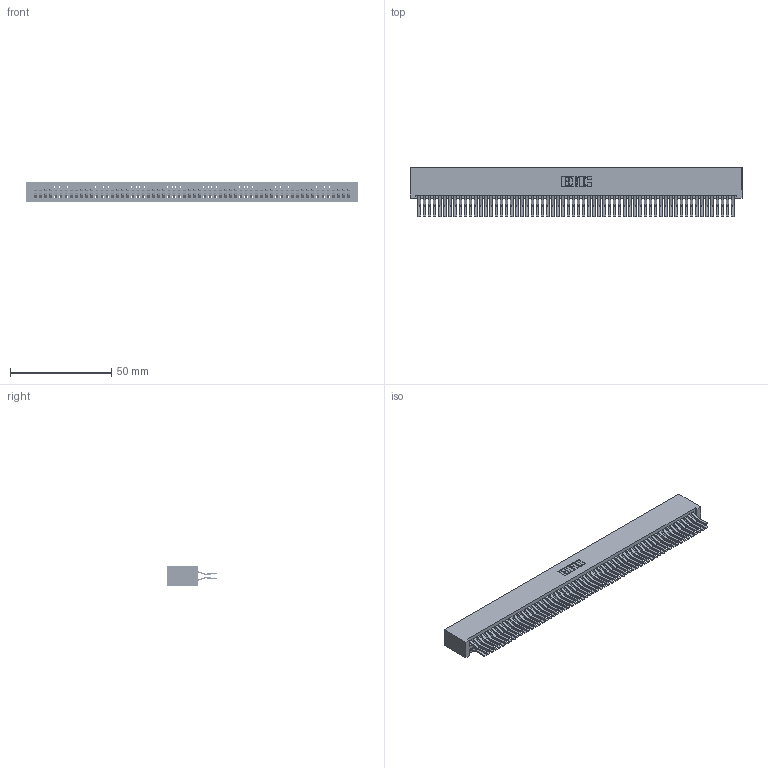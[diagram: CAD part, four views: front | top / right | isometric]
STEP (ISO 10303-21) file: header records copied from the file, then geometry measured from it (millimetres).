
FILE_DESCRIPTION (( 'STEP AP203' ), '1' );
FILE_NAME ('345-124-560-201.STEP', '2018-10-19T11:50:24', ( '' ), ( '' ), 'SwSTEP 2.0', 'SolidWorks 2016', '' );
FILE_SCHEMA (( 'CONFIG_CONTROL_DESIGN' ));
Length unit declared in the file: inch
Products named in the file (3): 345-124-560-201; 345-292-001_560 Tail; 345 Part_No Mounting Lugs
Assembly tree (125 placements, depth 2):
  345-124-560-201
    345 Part_No Mounting Lugs
    345-292-001_560 Tail  x124
Bounding box: 164.08 x 24.45 x 9.4 mm (x, y, z)
Volume: 17553.6 mm3; surface area: 28728.2 mm2
Topology: 125 solids, 125 shells, 6566 faces, 19537 edges, 12858 vertices
Faces by surface type: plane 4168, cylinder 2398
Entity records: 45765 total; most frequent: CARTESIAN_POINT 7652, ORIENTED_EDGE 7586, DIRECTION 6721, EDGE_CURVE 3793, VECTOR 3417, LINE 3417, VERTEX_POINT 2526, AXIS2_PLACEMENT_3D 1652

- - - -

Task to carry out: Each entry is to be returned as it stands, and each picture is to be left out.

Expected answer:
[diagram: CAD part, four views: front | top / right | isometric]
STEP (ISO 10303-21) file: header records copied from the file, then geometry measured from it (millimetres).
FILE_DESCRIPTION (( 'STEP AP203' ), '1' );
FILE_NAME ('345-124-560-201.STEP', '2018-10-19T11:50:24', ( '' ), ( '' ), 'SwSTEP 2.0', 'SolidWorks 2016', '' );
FILE_SCHEMA (( 'CONFIG_CONTROL_DESIGN' ));
Length unit declared in the file: inch
Products named in the file (3): 345-124-560-201; 345-292-001_560 Tail; 345 Part_No Mounting Lugs
Assembly tree (125 placements, depth 2):
  345-124-560-201
    345 Part_No Mounting Lugs
    345-292-001_560 Tail  x124
Bounding box: 164.08 x 24.45 x 9.4 mm (x, y, z)
Volume: 17553.6 mm3; surface area: 28728.2 mm2
Topology: 125 solids, 125 shells, 6566 faces, 19537 edges, 12858 vertices
Faces by surface type: plane 4168, cylinder 2398
Entity records: 45765 total; most frequent: CARTESIAN_POINT 7652, ORIENTED_EDGE 7586, DIRECTION 6721, EDGE_CURVE 3793, VECTOR 3417, LINE 3417, VERTEX_POINT 2526, AXIS2_PLACEMENT_3D 1652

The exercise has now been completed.